**DATASET EXTRACT:**
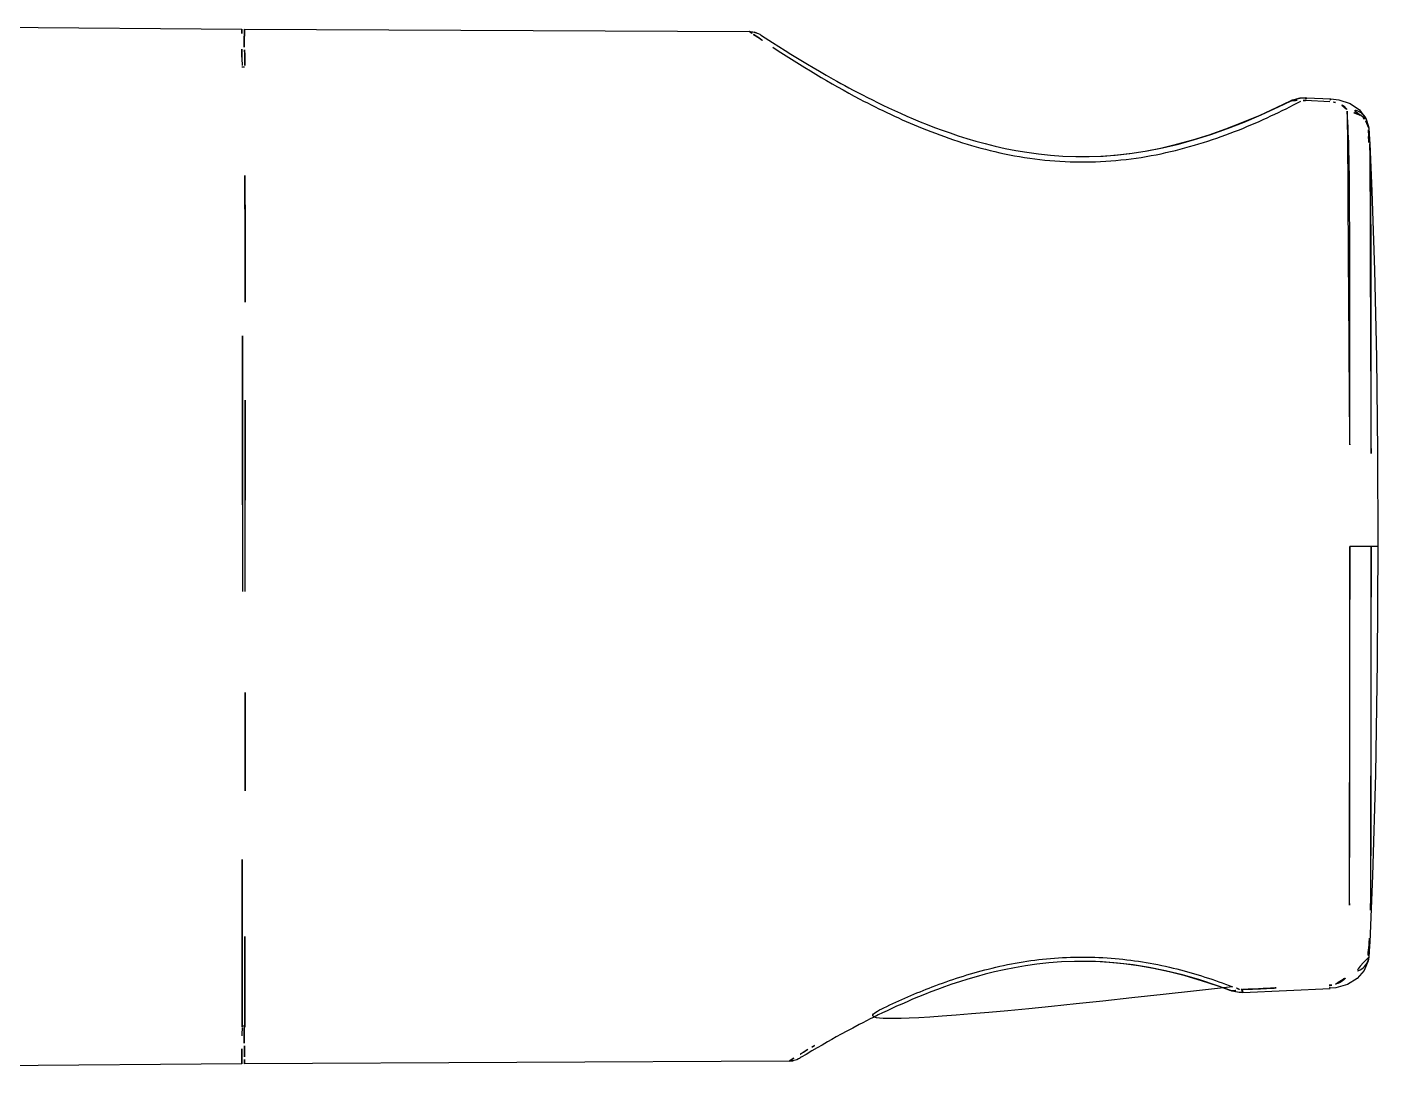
# Model space of a CAD drawing. Extents: x 16296660632 to 16296675328, y -37409619871 to -37409617329.
# Drawn here: x 16296674453.36 to 16296674503.31, y -37409617656.8 to -37409617618.41 of the extents above; entities that cross this region are included whole.
import ezdxf

# ---------------------------------------------------------------- set-up
doc = ezdxf.new("R2010")
doc.units = 0
doc.header["$LTSCALE"] = 10
doc.header["$MEASUREMENT"] = 0
doc.layers.add('SL01600PHZ-RDXF_CONTINUOUS_LINE', color=7, linetype='CONTINUOUS')

msp = doc.modelspace()

# ---------------------------------------------------------------- linework, layer by layer
at = {"layer": 'SL01600PHZ-RDXF_CONTINUOUS_LINE', "color": 7, "linetype": 'Continuous'}
for p, q in [((16296674452.178419, -37409617618.405647), (16296674461.30101, -37409617618.478668)), ((16296674461.401011, -37409617618.478668), (16296674480.07436, -37409617618.576447)), ((16296674480.08275, -37409617618.576538), (16296674480.07436, -37409617618.576447)), ((16296674480.11105, -37409617618.577477), (16296674480.08275, -37409617618.576538)), ((16296674480.11105, -37409617618.577477), (16296674480.198191, -37409617618.586746)), ((16296674480.511169, -37409617618.708603), (16296674480.52387, -37409617618.716728)), ((16296674480.52387, -37409617618.716728), (16296674480.925699, -37409617618.976013)), ((16296674480.925699, -37409617618.976013), (16296674481.15766, -37409617619.123993)), ((16296674481.15766, -37409617619.123993), (16296674481.395929, -37409617619.274292)), ((16296674481.395929, -37409617619.274292), (16296674481.608231, -37409617619.40667)), ((16296674461.30975, -37409617619.514633), (16296674461.309959, -37409617619.567123)), ((16296674461.309959, -37409617619.567123), (16296674461.31094, -37409617619.828949)), ((16296674481.608231, -37409617619.40667), (16296674481.851009, -37409617619.556221)), ((16296674481.851009, -37409617619.556221), (16296674482.0305, -37409617619.665466)), ((16296674482.0305, -37409617619.665466), (16296674482.224649, -37409617619.782349)), ((16296674482.224649, -37409617619.782349), (16296674482.43432, -37409617619.907043)), ((16296674461.30101, -37409617619.87867), (16296674461.40555, -37409617619.87867)), ((16296674482.43432, -37409617619.907043), (16296674482.66046, -37409617620.039711)), ((16296674482.66046, -37409617620.039711), (16296674482.904209, -37409617620.180519)), ((16296674500.079531, -37409617621.130173), (16296674500.07901, -37409617621.130417)), ((16296674500.079531, -37409617621.130173), (16296674500.12599, -37409617621.108597)), ((16296674500.103479, -37409617621.130783), (16296674500.104191, -37409617621.130417)), ((16296674500.104191, -37409617621.130417), (16296674500.16844, -37409617621.10128)), ((16296674500.12599, -37409617621.108597), (16296674500.43989, -37409617621.025146)), ((16296674500.43989, -37409617621.025146), (16296674500.64559, -37409617621.017883)), ((16296674501.536369, -37409617621.164482), (16296674500.637329, -37409617621.120003)), ((16296674500.645781, -37409617621.017899), (16296674500.64559, -37409617621.017883)), ((16296674500.67065, -37409617621.01931), (16296674500.670441, -37409617621.01931)), ((16296674500.67065, -37409617621.01931), (16296674501.570061, -37409617621.062103)), ((16296674501.569759, -37409617621.060699), (16296674501.862711, -37409617621.094902)), ((16296674501.862711, -37409617621.094902), (16296674502.28754, -37409617621.230057)), ((16296674502.88216, -37409617621.811813), (16296674502.881821, -37409617621.811043)), ((16296674502.946569, -37409617622.200684), (16296674502.975229, -37409617622.677933)), ((16296674502.9704, -37409617622.148117), (16296674502.970329, -37409617622.147339)), ((16296674492.324841, -37409617623.191032), (16296674492.54443, -37409617623.192146)), ((16296674461.327829, -37409617636.060066), (16296674461.327829, -37409617636.103394)), ((16296674461.327829, -37409617636.103394), (16296674461.327841, -37409617636.149612)), ((16296674461.327841, -37409617636.149612), (16296674461.327869, -37409617636.460258)), ((16296674461.42782, -37409617635.997223), (16296674461.427811, -37409617635.89357)), ((16296674461.42783, -37409617636.102997), (16296674461.42782, -37409617635.997223)), ((16296674461.427839, -37409617636.149246), (16296674461.42783, -37409617636.102997)), ((16296674461.42787, -37409617636.460037), (16296674461.427839, -37409617636.149246)), ((16296674461.327869, -37409617636.460258), (16296674461.327841, -37409617638.977318)), ((16296674461.427839, -37409617639.007233), (16296674461.42787, -37409617636.460037)), ((16296674461.32782, -37409617639.210129), (16296674461.32781, -37409617639.268143)), ((16296674461.327829, -37409617639.104332), (16296674461.32782, -37409617639.210129)), ((16296674461.327841, -37409617638.977318), (16296674461.327829, -37409617639.104332)), ((16296674461.427811, -37409617639.268593), (16296674461.42783, -37409617639.147263)), ((16296674461.42783, -37409617639.103951), (16296674461.427839, -37409617639.007233)), ((16296674461.42783, -37409617639.147263), (16296674461.42783, -37409617639.103951)), ((16296674502.973339, -37409617652.267754), (16296674502.946131, -37409617652.733879)), ((16296674502.983919, -37409617652.084137), (16296674502.976431, -37409617652.267929)), ((16296674503.008711, -37409617652.222618), (16296674503.008209, -37409617652.232971)), ((16296674492.869209, -37409617652.944351), (16296674492.482031, -37409617652.936737)), ((16296674493.380329, -37409617652.973579), (16296674492.869209, -37409617652.944351)), ((16296674493.90963, -37409617653.024323), (16296674493.380329, -37409617652.973579)), ((16296674497.851589, -37409617654.018082), (16296674497.851839, -37409617654.018181)), ((16296674497.910839, -37409617654.038528), (16296674497.851839, -37409617654.018181)), ((16296674497.875521, -37409617654.017433), (16296674497.87569, -37409617654.017487)), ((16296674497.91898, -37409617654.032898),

**TO DO:** Could you copy each line in the listing above that includes the word "linetype"?

**ANSWER:**
doc.layers.add('SL01600PHZ-RDXF_CONTINUOUS_LINE', color=7, linetype='CONTINUOUS')
at = {"layer": 'SL01600PHZ-RDXF_CONTINUOUS_LINE', "color": 7, "linetype": 'Continuous'}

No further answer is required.